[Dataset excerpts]
-*-*-

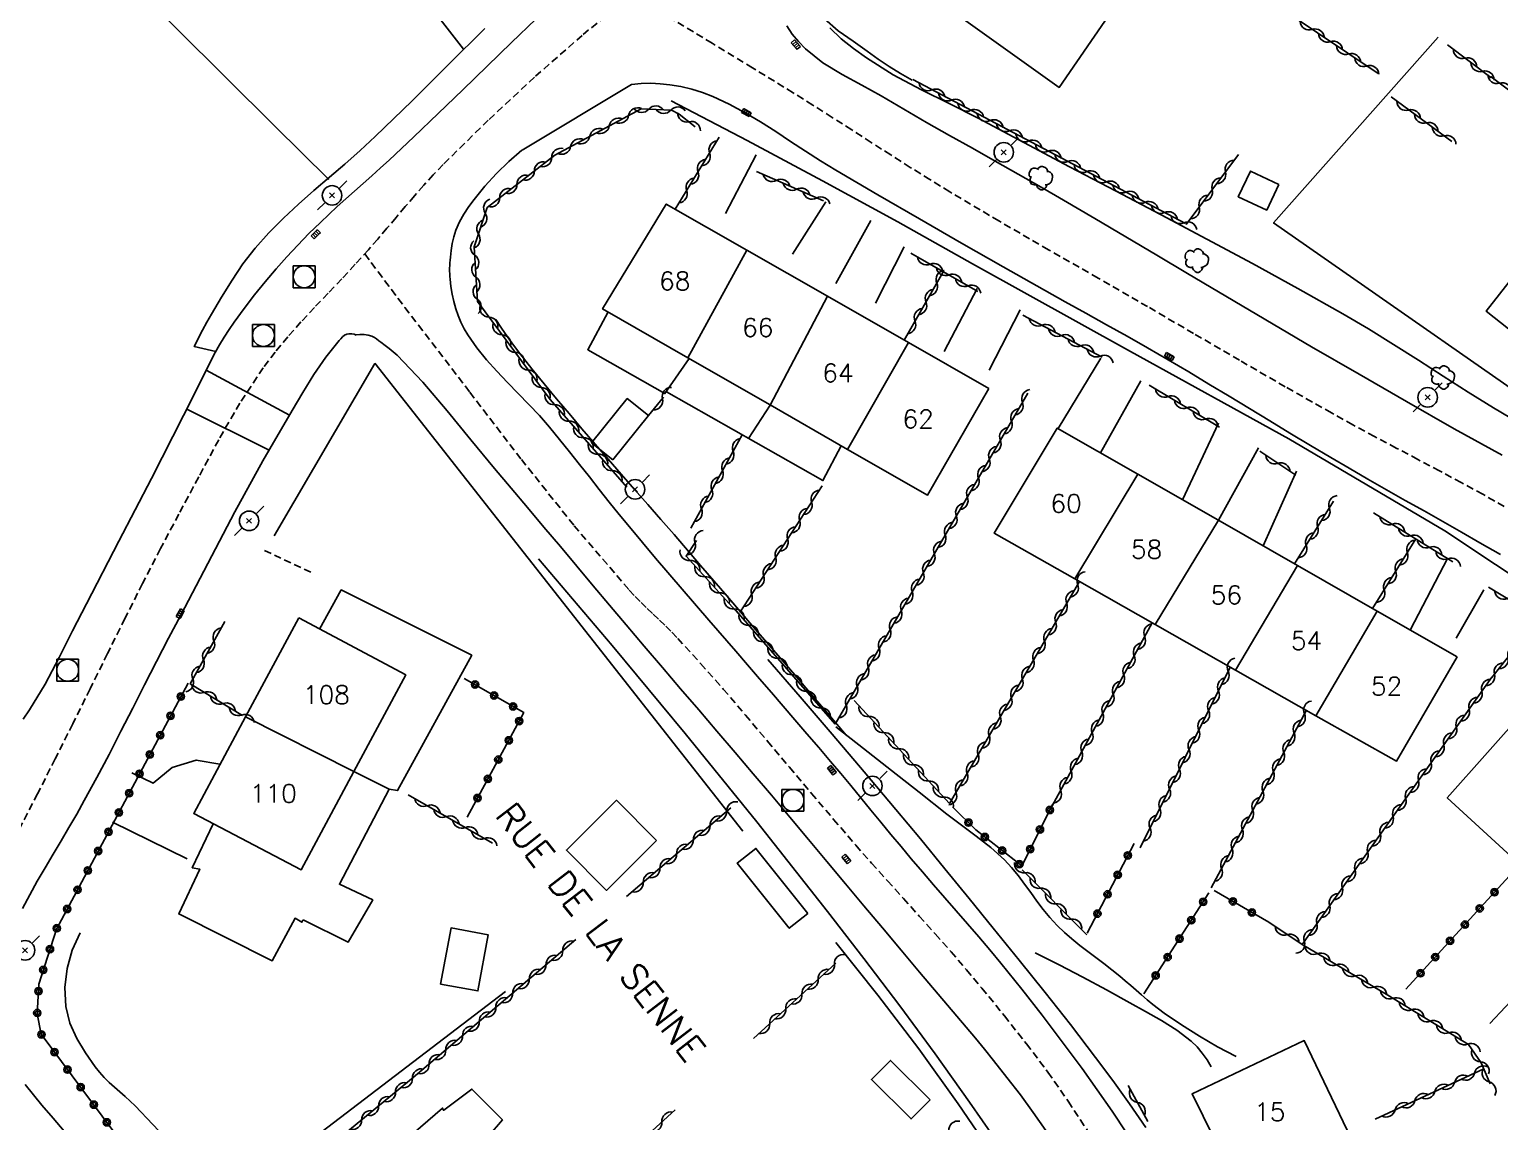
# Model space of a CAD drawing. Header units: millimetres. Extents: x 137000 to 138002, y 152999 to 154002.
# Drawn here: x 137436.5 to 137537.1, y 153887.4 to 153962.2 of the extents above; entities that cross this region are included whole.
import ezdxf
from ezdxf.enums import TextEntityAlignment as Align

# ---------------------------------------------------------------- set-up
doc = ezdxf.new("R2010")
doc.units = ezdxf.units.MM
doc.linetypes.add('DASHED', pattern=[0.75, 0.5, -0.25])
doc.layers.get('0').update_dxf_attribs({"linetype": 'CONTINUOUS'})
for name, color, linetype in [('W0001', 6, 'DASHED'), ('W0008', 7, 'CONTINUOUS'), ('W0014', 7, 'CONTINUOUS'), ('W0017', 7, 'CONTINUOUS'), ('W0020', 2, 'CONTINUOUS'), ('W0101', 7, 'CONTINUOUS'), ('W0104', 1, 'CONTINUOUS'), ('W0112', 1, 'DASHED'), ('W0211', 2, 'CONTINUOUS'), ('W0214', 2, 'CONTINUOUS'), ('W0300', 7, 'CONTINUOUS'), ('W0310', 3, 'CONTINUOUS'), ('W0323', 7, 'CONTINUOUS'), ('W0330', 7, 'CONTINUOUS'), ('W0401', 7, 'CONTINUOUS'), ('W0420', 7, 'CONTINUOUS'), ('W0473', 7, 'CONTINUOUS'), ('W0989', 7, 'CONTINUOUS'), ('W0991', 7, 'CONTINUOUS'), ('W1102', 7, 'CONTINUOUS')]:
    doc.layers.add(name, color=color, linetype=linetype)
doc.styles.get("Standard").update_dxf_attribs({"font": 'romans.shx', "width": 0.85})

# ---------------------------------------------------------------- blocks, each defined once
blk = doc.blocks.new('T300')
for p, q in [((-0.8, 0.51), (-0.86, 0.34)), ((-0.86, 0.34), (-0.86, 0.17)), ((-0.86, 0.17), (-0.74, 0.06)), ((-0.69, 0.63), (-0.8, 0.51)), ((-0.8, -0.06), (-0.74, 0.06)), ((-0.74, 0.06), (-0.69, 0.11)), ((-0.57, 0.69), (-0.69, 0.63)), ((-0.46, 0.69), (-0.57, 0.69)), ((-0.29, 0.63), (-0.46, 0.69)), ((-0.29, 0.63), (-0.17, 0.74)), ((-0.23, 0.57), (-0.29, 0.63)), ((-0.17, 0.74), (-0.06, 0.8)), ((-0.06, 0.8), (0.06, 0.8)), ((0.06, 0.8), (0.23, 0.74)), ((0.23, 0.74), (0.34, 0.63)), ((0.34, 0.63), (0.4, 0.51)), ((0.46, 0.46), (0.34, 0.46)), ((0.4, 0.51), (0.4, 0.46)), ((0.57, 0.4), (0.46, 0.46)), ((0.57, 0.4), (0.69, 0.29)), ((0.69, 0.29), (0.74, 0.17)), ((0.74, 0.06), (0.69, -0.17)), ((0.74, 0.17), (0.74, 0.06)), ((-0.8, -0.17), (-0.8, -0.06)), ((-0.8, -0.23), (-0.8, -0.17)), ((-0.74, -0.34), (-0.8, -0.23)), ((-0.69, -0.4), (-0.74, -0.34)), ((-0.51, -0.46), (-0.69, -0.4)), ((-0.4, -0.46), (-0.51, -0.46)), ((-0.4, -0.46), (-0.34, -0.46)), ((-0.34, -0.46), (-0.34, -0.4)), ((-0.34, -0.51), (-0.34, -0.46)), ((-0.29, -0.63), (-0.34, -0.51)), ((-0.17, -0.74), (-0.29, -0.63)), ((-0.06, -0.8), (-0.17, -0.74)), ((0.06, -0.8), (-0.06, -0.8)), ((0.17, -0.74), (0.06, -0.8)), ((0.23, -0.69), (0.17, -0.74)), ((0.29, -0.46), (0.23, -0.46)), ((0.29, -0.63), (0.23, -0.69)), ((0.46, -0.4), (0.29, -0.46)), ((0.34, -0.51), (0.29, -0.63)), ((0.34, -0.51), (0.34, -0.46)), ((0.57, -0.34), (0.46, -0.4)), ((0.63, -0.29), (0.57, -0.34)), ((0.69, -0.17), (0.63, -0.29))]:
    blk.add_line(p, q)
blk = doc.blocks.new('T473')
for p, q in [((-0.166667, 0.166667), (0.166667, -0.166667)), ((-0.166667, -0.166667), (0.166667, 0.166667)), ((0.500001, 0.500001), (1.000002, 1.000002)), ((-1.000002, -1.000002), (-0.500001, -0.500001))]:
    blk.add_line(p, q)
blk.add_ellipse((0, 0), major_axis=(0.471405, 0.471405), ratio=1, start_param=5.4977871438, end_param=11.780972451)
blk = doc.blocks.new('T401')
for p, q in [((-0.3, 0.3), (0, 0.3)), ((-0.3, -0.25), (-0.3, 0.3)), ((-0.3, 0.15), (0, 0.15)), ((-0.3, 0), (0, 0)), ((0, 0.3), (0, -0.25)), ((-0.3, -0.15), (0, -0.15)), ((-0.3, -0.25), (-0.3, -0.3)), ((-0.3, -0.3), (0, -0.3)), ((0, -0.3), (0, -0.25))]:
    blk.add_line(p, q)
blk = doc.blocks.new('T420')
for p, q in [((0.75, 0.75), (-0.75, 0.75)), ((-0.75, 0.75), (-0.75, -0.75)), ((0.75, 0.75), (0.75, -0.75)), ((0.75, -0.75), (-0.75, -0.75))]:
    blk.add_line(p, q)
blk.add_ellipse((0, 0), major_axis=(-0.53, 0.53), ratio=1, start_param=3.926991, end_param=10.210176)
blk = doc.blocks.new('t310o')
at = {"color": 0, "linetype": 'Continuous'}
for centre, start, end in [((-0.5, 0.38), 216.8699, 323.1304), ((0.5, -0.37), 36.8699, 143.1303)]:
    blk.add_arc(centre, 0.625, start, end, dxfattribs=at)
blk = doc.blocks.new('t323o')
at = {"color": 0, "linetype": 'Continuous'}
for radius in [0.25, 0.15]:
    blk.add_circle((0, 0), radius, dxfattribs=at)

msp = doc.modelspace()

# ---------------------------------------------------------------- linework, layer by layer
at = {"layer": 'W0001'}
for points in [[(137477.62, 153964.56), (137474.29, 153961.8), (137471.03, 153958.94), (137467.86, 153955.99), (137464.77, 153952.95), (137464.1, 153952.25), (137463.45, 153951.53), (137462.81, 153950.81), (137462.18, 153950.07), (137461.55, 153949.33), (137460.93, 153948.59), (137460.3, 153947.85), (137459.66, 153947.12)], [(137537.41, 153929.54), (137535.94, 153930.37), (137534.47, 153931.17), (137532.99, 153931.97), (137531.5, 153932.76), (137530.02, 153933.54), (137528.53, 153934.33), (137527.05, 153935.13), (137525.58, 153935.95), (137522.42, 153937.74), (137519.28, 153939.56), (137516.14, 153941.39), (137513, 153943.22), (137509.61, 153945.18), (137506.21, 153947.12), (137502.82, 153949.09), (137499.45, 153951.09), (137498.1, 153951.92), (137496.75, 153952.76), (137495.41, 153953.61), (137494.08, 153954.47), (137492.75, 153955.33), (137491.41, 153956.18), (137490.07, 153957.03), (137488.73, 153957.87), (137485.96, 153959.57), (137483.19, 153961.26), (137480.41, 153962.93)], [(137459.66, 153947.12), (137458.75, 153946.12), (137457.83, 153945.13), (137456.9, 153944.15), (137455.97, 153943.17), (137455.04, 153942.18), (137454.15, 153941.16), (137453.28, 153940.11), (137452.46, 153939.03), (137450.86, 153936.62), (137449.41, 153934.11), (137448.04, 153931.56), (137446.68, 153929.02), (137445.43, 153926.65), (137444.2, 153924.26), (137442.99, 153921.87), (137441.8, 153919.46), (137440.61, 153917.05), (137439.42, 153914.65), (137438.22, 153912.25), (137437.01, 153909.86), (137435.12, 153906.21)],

-*-*-

Reproduce every line above that contains the string "name".

Answer
for name, color, linetype in [('W0001', 6, 'DASHED'), ('W0008', 7, 'CONTINUOUS'), ('W0014', 7, 'CONTINUOUS'), ('W0017', 7, 'CONTINUOUS'), ('W0020', 2, 'CONTINUOUS'), ('W0101', 7, 'CONTINUOUS'), ('W0104', 1, 'CONTINUOUS'), ('W0112', 1, 'DASHED'), ('W0211', 2, 'CONTINUOUS'), ('W0214', 2, 'CONTINUOUS'), ('W0300', 7, 'CONTINUOUS'), ('W0310', 3, 'CONTINUOUS'), ('W0323', 7, 'CONTINUOUS'), ('W0330', 7, 'CONTINUOUS'), ('W0401', 7, 'CONTINUOUS'), ('W0420', 7, 'CONTINUOUS'), ('W0473', 7, 'CONTINUOUS'), ('W0989', 7, 'CONTINUOUS'), ('W0991', 7, 'CONTINUOUS'), ('W1102', 7, 'CONTINUOUS')]:
    doc.layers.add(name, color=color, linetype=linetype)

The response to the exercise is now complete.